**THE TASK:** Look below for the line holding "line L40 (-139.7, 154.0144)" and the line holding "line L45 (-125.2062, 150.3483)". Repeat those two and everything between, exactly.
***** TASK INPUTS *****
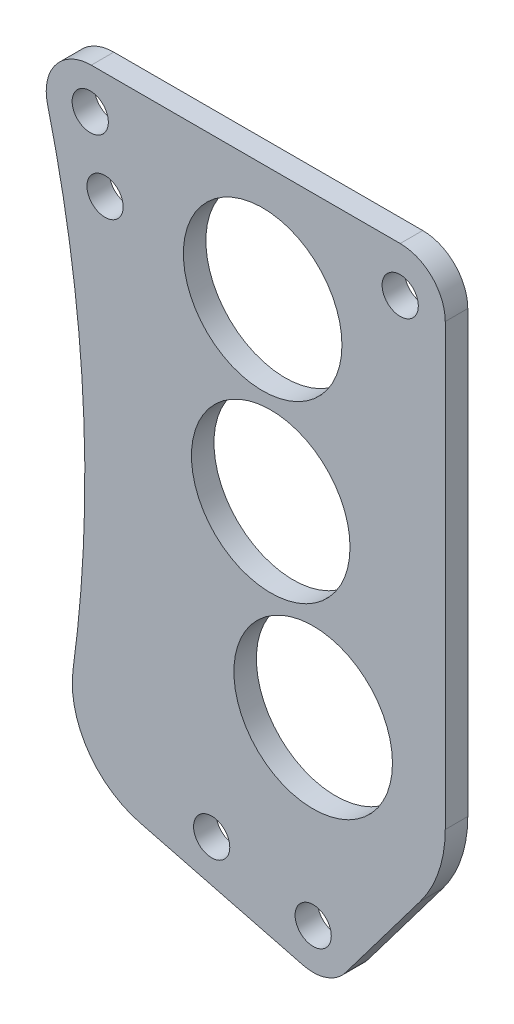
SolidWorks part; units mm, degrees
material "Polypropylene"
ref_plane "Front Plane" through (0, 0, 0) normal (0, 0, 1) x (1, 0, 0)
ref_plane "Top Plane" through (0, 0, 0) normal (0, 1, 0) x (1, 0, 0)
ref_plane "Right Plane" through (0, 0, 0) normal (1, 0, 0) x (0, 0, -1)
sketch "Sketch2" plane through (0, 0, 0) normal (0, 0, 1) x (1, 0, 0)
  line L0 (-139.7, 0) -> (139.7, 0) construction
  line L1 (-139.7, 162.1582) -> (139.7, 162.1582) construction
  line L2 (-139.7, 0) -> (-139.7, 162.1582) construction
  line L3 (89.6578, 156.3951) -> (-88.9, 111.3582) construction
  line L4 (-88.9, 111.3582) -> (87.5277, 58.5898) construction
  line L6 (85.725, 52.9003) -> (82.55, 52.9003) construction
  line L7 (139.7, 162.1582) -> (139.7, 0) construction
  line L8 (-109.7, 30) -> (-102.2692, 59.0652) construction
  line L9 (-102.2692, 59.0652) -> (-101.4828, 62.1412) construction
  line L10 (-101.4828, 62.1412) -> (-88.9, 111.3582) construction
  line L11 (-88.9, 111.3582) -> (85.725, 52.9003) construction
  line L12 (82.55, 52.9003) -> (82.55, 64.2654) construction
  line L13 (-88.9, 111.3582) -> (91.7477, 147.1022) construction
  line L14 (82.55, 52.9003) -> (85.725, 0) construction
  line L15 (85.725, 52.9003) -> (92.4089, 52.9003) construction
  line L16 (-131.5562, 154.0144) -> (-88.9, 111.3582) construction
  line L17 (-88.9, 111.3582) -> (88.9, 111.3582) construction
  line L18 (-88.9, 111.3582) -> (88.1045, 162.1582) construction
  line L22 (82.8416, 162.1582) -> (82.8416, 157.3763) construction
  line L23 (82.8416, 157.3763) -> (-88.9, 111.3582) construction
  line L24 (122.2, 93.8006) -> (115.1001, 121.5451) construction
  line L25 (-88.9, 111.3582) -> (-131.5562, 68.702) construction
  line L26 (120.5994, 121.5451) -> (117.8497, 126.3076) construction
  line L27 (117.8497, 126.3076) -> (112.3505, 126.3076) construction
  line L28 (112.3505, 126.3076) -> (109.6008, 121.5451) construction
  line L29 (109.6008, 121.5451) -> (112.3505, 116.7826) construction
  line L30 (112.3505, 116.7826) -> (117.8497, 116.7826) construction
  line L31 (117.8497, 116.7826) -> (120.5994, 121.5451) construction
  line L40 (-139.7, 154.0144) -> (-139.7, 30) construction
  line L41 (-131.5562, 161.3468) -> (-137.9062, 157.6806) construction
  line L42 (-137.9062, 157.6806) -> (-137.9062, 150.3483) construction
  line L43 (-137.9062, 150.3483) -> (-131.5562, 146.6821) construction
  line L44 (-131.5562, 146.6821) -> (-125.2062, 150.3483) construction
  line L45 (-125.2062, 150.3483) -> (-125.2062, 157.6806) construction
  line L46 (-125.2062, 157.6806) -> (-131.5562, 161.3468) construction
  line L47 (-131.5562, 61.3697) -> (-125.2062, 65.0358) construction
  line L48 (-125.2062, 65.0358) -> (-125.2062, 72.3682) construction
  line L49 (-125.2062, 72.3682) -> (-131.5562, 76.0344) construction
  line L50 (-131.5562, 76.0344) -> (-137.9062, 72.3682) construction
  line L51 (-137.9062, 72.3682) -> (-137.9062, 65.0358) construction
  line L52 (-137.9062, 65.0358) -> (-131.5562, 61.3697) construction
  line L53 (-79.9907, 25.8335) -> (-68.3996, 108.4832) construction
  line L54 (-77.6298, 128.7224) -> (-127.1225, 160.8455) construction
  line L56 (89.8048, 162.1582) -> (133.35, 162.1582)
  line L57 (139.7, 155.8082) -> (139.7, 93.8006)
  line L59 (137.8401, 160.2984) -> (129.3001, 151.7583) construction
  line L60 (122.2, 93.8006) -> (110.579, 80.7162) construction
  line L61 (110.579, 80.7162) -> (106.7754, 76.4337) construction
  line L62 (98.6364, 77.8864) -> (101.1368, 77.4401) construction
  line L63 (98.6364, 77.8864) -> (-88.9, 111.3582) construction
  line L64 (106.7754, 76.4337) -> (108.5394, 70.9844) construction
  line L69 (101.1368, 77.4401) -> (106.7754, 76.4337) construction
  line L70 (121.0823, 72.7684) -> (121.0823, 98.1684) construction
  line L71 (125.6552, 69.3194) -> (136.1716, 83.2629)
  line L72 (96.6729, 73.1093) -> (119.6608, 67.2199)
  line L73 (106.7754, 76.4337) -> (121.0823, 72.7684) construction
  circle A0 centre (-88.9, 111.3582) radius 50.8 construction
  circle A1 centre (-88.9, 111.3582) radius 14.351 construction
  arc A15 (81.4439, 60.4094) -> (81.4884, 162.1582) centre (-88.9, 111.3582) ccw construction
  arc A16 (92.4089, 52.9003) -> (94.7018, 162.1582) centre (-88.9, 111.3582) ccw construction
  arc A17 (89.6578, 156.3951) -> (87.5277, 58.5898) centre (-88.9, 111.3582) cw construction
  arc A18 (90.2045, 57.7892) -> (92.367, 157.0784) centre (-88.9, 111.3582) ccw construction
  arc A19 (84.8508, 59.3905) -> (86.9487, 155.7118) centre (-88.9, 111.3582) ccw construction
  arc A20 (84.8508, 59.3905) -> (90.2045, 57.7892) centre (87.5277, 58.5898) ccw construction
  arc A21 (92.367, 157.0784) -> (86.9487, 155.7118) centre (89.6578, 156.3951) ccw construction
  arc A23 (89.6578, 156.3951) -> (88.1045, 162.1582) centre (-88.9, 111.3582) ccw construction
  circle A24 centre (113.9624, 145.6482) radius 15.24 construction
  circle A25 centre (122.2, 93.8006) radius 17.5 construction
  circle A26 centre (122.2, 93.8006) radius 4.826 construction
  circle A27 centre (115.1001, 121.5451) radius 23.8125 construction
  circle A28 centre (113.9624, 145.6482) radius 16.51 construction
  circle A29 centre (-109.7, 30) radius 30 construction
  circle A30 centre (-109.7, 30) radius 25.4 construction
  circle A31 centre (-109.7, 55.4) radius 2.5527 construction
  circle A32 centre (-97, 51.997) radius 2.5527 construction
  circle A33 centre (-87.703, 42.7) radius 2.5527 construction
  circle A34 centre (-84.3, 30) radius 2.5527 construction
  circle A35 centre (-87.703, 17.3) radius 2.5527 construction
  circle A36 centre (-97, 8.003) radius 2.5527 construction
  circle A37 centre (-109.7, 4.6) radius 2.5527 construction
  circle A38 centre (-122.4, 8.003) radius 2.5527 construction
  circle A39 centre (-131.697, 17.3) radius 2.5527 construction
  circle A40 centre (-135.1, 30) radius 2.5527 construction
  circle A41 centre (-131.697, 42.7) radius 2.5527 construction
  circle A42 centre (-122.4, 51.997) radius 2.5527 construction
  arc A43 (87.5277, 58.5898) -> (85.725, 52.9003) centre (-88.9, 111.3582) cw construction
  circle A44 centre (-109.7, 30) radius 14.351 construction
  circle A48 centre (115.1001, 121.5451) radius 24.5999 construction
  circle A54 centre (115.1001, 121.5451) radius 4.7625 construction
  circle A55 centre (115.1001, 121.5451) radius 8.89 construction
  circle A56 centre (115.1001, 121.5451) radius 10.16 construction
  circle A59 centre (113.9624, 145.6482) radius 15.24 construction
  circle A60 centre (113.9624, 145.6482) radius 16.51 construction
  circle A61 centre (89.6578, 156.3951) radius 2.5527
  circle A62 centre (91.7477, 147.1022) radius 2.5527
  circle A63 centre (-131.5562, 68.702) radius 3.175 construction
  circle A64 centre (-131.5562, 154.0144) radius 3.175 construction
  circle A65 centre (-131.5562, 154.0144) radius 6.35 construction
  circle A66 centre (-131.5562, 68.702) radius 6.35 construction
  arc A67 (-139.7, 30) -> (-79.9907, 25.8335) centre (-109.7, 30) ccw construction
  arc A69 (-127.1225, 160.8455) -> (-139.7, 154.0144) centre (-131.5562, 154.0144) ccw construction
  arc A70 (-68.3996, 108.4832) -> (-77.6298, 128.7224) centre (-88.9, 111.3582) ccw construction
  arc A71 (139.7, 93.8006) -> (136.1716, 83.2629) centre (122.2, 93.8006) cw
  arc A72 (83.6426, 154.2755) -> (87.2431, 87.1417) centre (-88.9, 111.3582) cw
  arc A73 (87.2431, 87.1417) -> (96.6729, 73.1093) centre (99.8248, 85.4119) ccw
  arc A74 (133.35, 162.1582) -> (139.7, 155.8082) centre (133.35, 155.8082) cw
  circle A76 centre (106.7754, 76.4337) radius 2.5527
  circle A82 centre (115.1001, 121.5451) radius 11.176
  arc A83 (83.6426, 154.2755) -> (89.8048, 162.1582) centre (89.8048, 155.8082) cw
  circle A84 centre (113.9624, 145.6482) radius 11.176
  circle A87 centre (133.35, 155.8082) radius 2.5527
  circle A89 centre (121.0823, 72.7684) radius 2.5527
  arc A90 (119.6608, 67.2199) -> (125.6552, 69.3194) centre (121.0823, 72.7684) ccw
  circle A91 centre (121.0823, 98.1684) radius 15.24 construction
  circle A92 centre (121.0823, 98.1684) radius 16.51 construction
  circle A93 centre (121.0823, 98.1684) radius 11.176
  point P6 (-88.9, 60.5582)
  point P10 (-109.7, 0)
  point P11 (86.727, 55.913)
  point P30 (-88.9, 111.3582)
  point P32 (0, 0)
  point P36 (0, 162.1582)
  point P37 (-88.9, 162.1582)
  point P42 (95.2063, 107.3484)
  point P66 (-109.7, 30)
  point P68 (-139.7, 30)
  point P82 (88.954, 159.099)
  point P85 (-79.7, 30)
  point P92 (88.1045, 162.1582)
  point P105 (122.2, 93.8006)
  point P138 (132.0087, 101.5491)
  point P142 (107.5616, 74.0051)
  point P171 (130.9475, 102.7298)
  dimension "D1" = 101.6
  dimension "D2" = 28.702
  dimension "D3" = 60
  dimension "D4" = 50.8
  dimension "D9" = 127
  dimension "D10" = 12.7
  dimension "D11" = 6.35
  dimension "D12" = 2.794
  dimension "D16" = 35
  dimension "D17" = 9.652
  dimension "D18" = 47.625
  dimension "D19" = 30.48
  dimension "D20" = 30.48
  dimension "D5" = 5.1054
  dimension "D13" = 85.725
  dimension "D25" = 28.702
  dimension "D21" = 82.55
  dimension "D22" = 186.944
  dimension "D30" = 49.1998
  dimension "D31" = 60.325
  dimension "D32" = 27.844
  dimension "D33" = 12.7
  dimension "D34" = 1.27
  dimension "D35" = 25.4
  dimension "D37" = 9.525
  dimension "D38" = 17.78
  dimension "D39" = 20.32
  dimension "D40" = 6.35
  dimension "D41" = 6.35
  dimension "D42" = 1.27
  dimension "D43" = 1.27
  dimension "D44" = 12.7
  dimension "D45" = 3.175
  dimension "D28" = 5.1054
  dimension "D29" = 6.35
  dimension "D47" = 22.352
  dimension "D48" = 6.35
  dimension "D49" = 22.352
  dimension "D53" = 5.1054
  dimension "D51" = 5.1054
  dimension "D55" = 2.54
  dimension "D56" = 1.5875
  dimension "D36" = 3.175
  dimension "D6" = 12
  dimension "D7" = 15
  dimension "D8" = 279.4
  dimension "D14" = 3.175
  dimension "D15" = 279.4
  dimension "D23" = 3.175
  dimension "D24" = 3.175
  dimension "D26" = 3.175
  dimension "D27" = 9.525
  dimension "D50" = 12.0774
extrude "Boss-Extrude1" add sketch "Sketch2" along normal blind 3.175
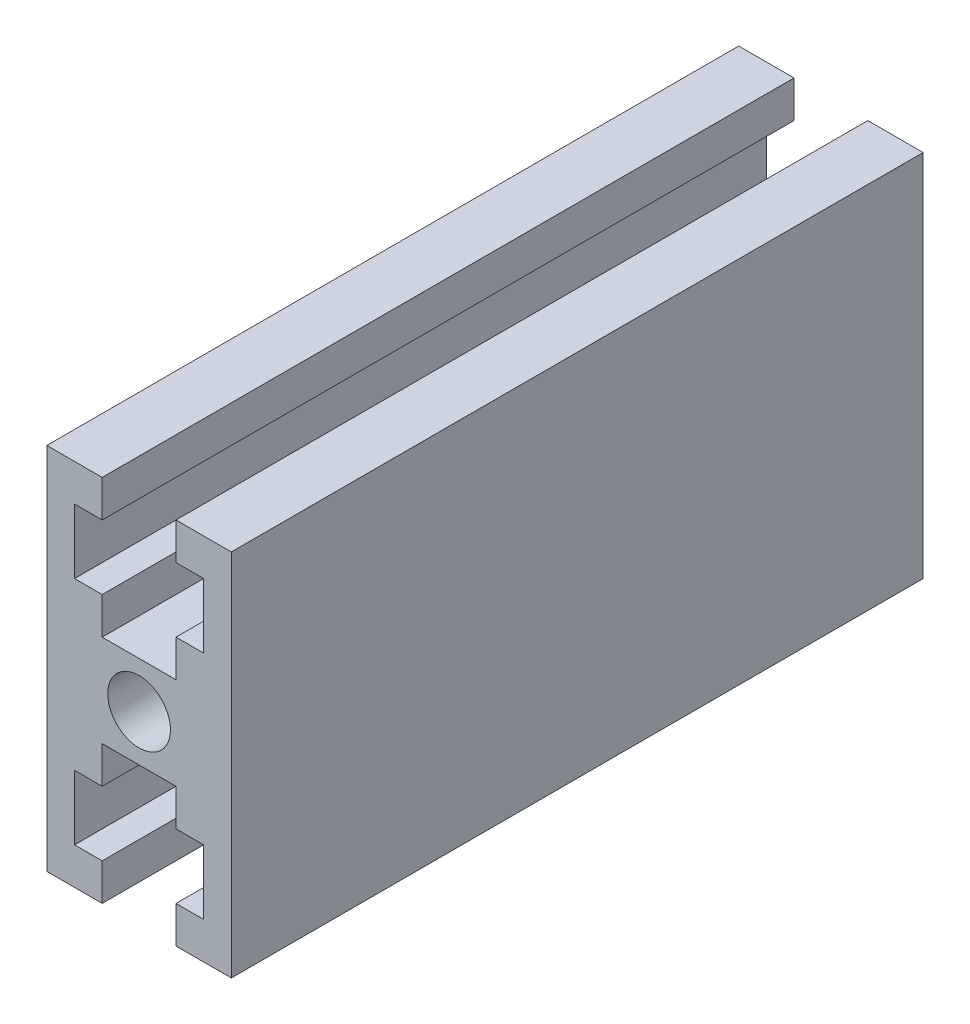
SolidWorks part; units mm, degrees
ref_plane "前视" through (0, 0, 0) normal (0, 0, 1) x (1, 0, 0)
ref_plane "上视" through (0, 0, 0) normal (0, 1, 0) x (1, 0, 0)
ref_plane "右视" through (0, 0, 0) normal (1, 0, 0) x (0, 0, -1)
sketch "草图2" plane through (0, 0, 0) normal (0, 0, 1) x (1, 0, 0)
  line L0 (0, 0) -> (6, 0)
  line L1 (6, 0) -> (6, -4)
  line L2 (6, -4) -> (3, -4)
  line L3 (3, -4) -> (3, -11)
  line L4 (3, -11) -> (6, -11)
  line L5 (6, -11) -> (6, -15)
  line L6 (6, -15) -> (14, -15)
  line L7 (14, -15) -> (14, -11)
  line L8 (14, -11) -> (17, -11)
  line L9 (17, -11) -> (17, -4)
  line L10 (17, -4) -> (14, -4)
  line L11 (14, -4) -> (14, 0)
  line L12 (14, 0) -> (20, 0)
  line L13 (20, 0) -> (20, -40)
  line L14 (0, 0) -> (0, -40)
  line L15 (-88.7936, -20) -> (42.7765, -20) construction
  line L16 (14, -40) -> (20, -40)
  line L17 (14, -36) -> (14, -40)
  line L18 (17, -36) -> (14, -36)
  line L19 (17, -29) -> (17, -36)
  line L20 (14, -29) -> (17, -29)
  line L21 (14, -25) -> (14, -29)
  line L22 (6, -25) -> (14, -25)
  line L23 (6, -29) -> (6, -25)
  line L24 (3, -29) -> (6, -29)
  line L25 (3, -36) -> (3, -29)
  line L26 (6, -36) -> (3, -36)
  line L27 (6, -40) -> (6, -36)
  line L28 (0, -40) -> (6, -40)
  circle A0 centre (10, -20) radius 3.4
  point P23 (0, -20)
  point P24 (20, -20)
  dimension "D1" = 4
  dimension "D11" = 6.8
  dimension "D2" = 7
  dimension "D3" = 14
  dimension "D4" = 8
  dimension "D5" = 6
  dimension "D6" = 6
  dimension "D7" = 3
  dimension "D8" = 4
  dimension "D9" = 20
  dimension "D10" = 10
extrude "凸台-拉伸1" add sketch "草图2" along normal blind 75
*****
**ANSWER AREA:**
  line L40 (-139.7, 154.0144) -> (-139.7, 30) construction
  line L41 (-131.5562, 161.3468) -> (-137.9062, 157.6806) construction
  line L42 (-137.9062, 157.6806) -> (-137.9062, 150.3483) construction
  line L43 (-137.9062, 150.3483) -> (-131.5562, 146.6821) construction
  line L44 (-131.5562, 146.6821) -> (-125.2062, 150.3483) construction
  line L45 (-125.2062, 150.3483) -> (-125.2062, 157.6806) construction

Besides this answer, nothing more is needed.